Shiels’s research reveals the importance of class in the Irish experience of the Civil War. Examination of the pensions archive gives him access to the lives of working-class Irish Americans, which augments the picture provided by the memoirs of Irish Americans from the officer ranks. He points to the tensions that existed between the better-off ‘lace curtain’ Irish and the ‘shanty’ Irish.

What motivated so many Irish to enlist? Shiels concludes that economic considerations and patriotism dwarfed all other factors. He cites cases where Irish emigrants were lured to the United States by the economic opportunities of military service. Many found enlisted life to be better-provisioned than they had been accustomed to as civilians. They looked to the opportunities they hoped would open up for them in post-war America.

This book maintains that the patriotic impulses driving Irish Americans had America rather than Ireland as their focus. That view parts company with the classic study of the Irish contribution to the Union cause (Susannah Ural Bruce, The harp and the eagle: Irish-American volunteers and the Union army, 1861–1865), which concluded that Irish Americans’ ‘first loyalties were to Ireland and to their Irish communities in America’. Shiels insists that even those who had recently arrived in America felt a commitment to the defence of the Union in which they and their families planned to make their lives. He goes on to challenge the notion that the Civil War entailed a transition for combatants from ‘Irish’ to ‘American’, suggesting that many had acquired a ‘distinctly American identity prior to the Civil War’. It was ‘a hybrid identity concurrently Irish and American’.

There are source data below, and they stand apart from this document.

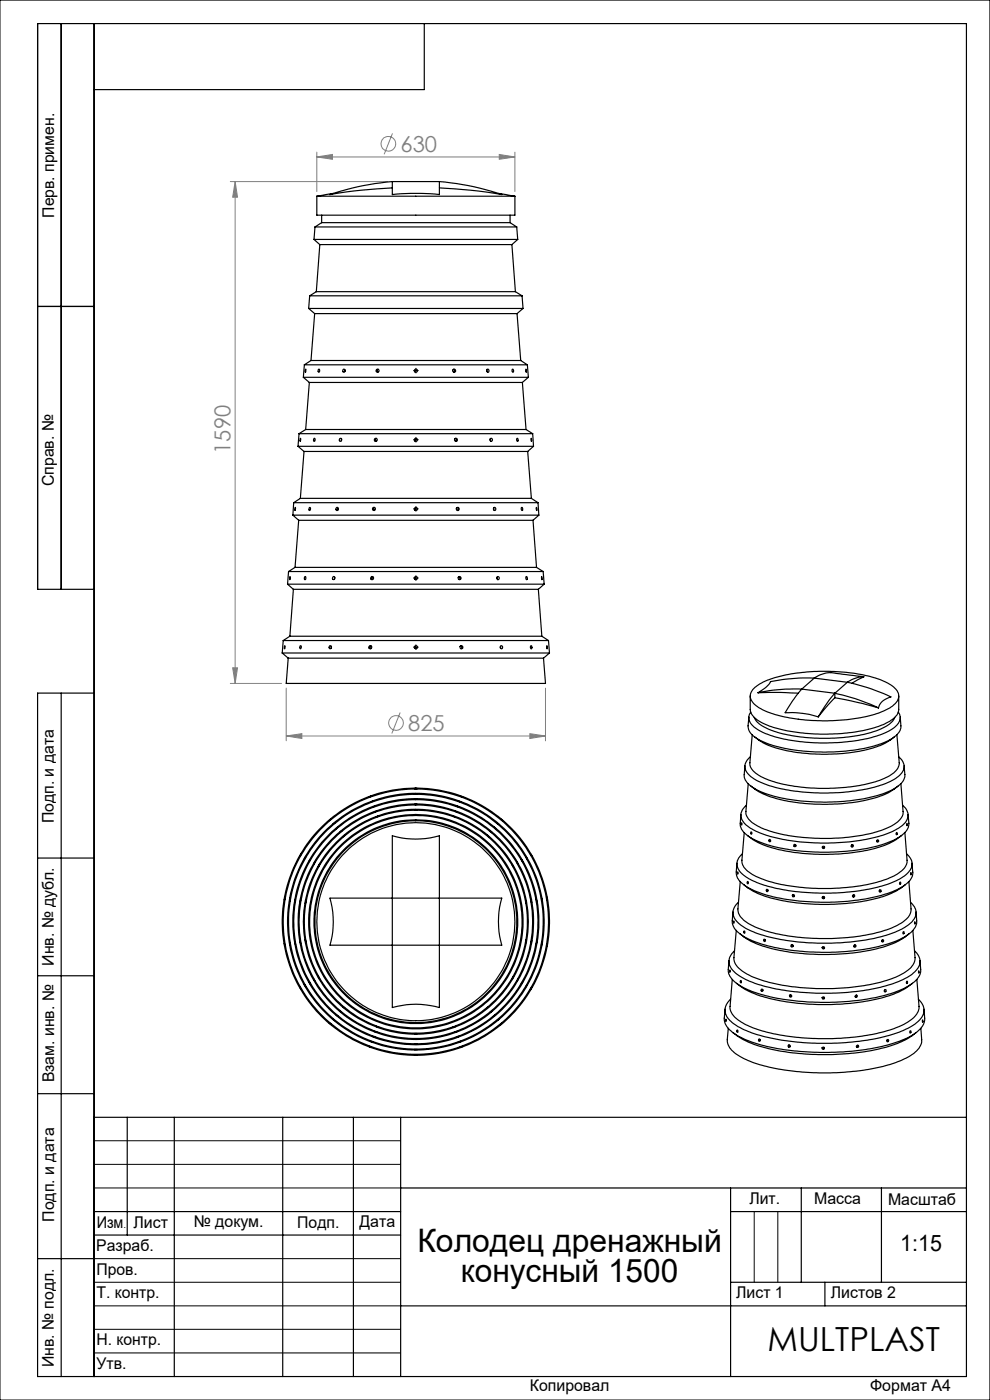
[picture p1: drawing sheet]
<svg xmlns="http://www.w3.org/2000/svg" width="210mm" height="297mm" viewBox="0 0 210 297" stroke-linecap="round" stroke-linejoin="round" font-family="sans-serif">
<g fill="none" stroke="#808080" stroke-width=".21">
<path d="M48.9 38.5h33.3M49.9 38.5l.5 3.3h-1zM49.9 38.5v106.5M67.2 33.3l3.3-.5v1zM67.2 32.3v8.3M67.2 33.3h42M83.3 28.3l-1.8 4.4M105.9 32.8l3.3 .5-3.3 .5zM109.2 32.3v8.3M48.9 145h10.8M49.4 141.7h1l-.5 3.3zM60.7 156.1l3.3-.5v1.1z"/>
<path d="M60.7 146v11.2M60.7 156.1h55M84.9 151.2l-1.8 4.4M112.4 155.6l3.3 .5-3.3 .6zM115.7 146v11.2"/>
<circle cx="82.4" cy="30.5" r="1.55"/>
<circle cx="84" cy="153.4" r="1.55"/>
</g>
<g fill="none" stroke="#000" stroke-width=".21" stroke-dasharray="15.2 1.3 1.3 1.3">
<path d="M87.9 78.6h-.2M88.2 78.3v-.2M88.2 79v.1M88.6 78.6h.1M87.9 93.3h-.2M88.2 93v-.2M88.2 93.6v.2M88.6 93.3h.1M87.9 108h-.2M88.2 107.6v-.1M88.2 108.3v.2M88.6 108h.1"/>
<path d="M87.9 137.3h-.2M87.9 122.6h-.2M88.2 137v-.2M88.2 137.6v.2M88.2 122.3v-.2M88.2 123v.1M88.6 137.3h.1M88.6 122.6h.1"/>
</g>
<g fill="none" stroke="#000" stroke-width=".21">
<path d="M0 0h210v297h-210zM88.1 78.6h.3M88.2 78.5v.3M88.1 93.3h.3M88.2 93.1v.4M88.1 108h.3M88.2 107.8v.3M88.1 137.3h.3M88.1 122.6h.3M88.2 122.5v.3M88.2 137.2v.3M20 242h65"/>
<path d="M20 247h65M20 252h65M160 257v15M165 257v15M20 267h65M20 272h65M20 277h65M20 282h65M20 287h65"/>
</g>
<g fill="none" stroke="#000" stroke-width=".25">
<path d="M13 5v120M20 5v287M90 5v14h-70M8 65h12M20 125h-12v-120h197v287h-197v-145h12M13 147v145M8 182h12M8 207h12M8 232h12M20 237h185M27 237v25M37 237v55"/>
<path d="M60 237v55M75 237v55M85 237v55M20 257h65M85 252h120M155 252v40M155 257h50M170 252v20M187 252v20M8 267h12M20 262h65M85 277h120"/>
<path d="M155 272h50M175 272v5"/>
</g>
<g fill="#808080">
<path d="M105.9 32.8l3.3 .5-3.3 .5zM67.2 33.3l3.3-.5v1zM112.4 155.6l3.3 .5-3.3 .6zM60.7 156.1l3.3-.5v1.1z"/>
<path d="M49.4 141.7h1l-.5 3.3zM49.9 38.5l.5 3.3h-1z"/>
</g>
<g fill="none" stroke="#000" stroke-width=".25">
<path d="M83.2 38.5a54.9 54.9 0 0 0-13.2 2.8 104.3 104.3 0 0 1 13.2-1.4M83.2 38.5v2.8a50.6 50.6 0 0 1 10 0v-2.8M83.2 38.5h10M93.2 38.5a54.9 54.9 0 0 1 13.2 2.8 104.3 104.3 0 0 0-13.2-1.4M66.6 50.8h43.2M66.6 50.8l1.2 1.1M66.8 48.2h42.8M66.8 48.2l-.2 2.6M67.2 41.6h42M67.2 41.6v4h42v-4M67.8 51.9h40.8M67.8 51.9l-.7 10"/>
<path d="M68.2 47.2h40M68.2 47.2l-1.4 1M68.2 45.6v1.6M70.7 41l-3.5 .6M105.7 41l3.5 .6M108.2 47.2l1.4 1M108.2 45.6v1.6M108.6 51.9l.7 10M109.6 48.2l.2 2.6M109.8 50.8l-1.2 1.1M64.6 77.4h47.3M64.6 77.4l-.3 2.6"/>
<path d="M64.8 78.3v.7zM65.5 65.4h45.4M65.5 65.4l1.2 1.1M65.7 62.8h45M65.7 62.8l-.2 2.6M66 76.5h44.5M66 76.5l-1.4 .9M66.7 66.5h43M66.7 66.5l-.7 10M67.1 61.9h42.2M67.1 61.9l-1.4 .9M67.6 78.3l.2 .2-.1 .4a.3 .3 0 0 1-.3-.2 .3 .3 0 0 1 .2-.4z"/>
<path d="M73.2 78.5v.3M80.2 78.3a.33 .33 0 0 0-.2 .3 .33 .33 0 0 0 .2 .3M96.2 78.3a.33 .33 0 0 1 .2 .3 .33 .33 0 0 1-.2 .3M103.3 78.5v.3M103.3 78.4a.28 .28 0 0 1 .4 .2 .28 .28 0 0 1-.4 .3zM108.7 78.3a.29 .29 0 0 1 .2 .3 .29 .29 0 0 1-.2 .3zM109.3 61.9l1.4 .9M109.7 66.5l.8 10M110.5 76.5l1.4 .9M110.7 62.8l.2 2.6M110.9 65.4l-1.2 1.1M111.5 78.3l.1 .7z"/>
<path d="M111.9 77.4l.2 2.6M63.2 94.7h50M63.2 94.7l1.3 1.1M63.4 92h49.6M63.4 92l-.2 2.7M63.7 93v.6zM64.3 80h47.8M64.3 80l1.3 1.1M64.5 95.8h47.4M64.5 95.8l-.8 9.9M64.8 91.1h46.8M64.8 91.1l-1.4 .9"/>
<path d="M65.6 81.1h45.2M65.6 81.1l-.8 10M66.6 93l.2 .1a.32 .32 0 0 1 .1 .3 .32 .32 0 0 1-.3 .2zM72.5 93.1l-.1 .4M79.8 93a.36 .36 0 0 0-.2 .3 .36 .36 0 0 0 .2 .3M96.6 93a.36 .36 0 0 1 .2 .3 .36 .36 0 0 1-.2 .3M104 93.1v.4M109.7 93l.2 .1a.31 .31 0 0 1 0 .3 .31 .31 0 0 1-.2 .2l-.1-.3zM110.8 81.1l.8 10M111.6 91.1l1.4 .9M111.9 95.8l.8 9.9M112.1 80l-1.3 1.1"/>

Green and Blue delves into Irish-American attitudes to race highlighted during the anti-draft riots in New York (1863), when African Americans were set upon in an explosion of racial violence. Irish Americans were among those alienated by Lincoln’s Emancipation Proclamation. Their loyalty to the Democratic Party was absolute, which put them at odds with the Republican administration. Although there were some Irish desertions after emancipation became law, the vast majority served on loyally until the war’s end. Shiels challenges Frederick Douglass’s contention that Irish-American racism developed when immigrants set foot in the United States. Douglass’s view was probably shaped by his positive experience in Ireland when he arrived there as a freed slave in 1845, but Shiels suggests that immigrants’ unshakable notions of white supremacy had been brought with them from Ireland.

While New York’s Archbishop Hughes saw enlistment as an opportunity for the Irish to prove themselves to be patriotic Americans, historian David Gleeson, writing in The Routledge history of Irish America, observes that, even a decade after the war’s end, the Irish remained ‘not completely American’. The Civil War was indeed a watershed, but the water remained coarse for immigrants.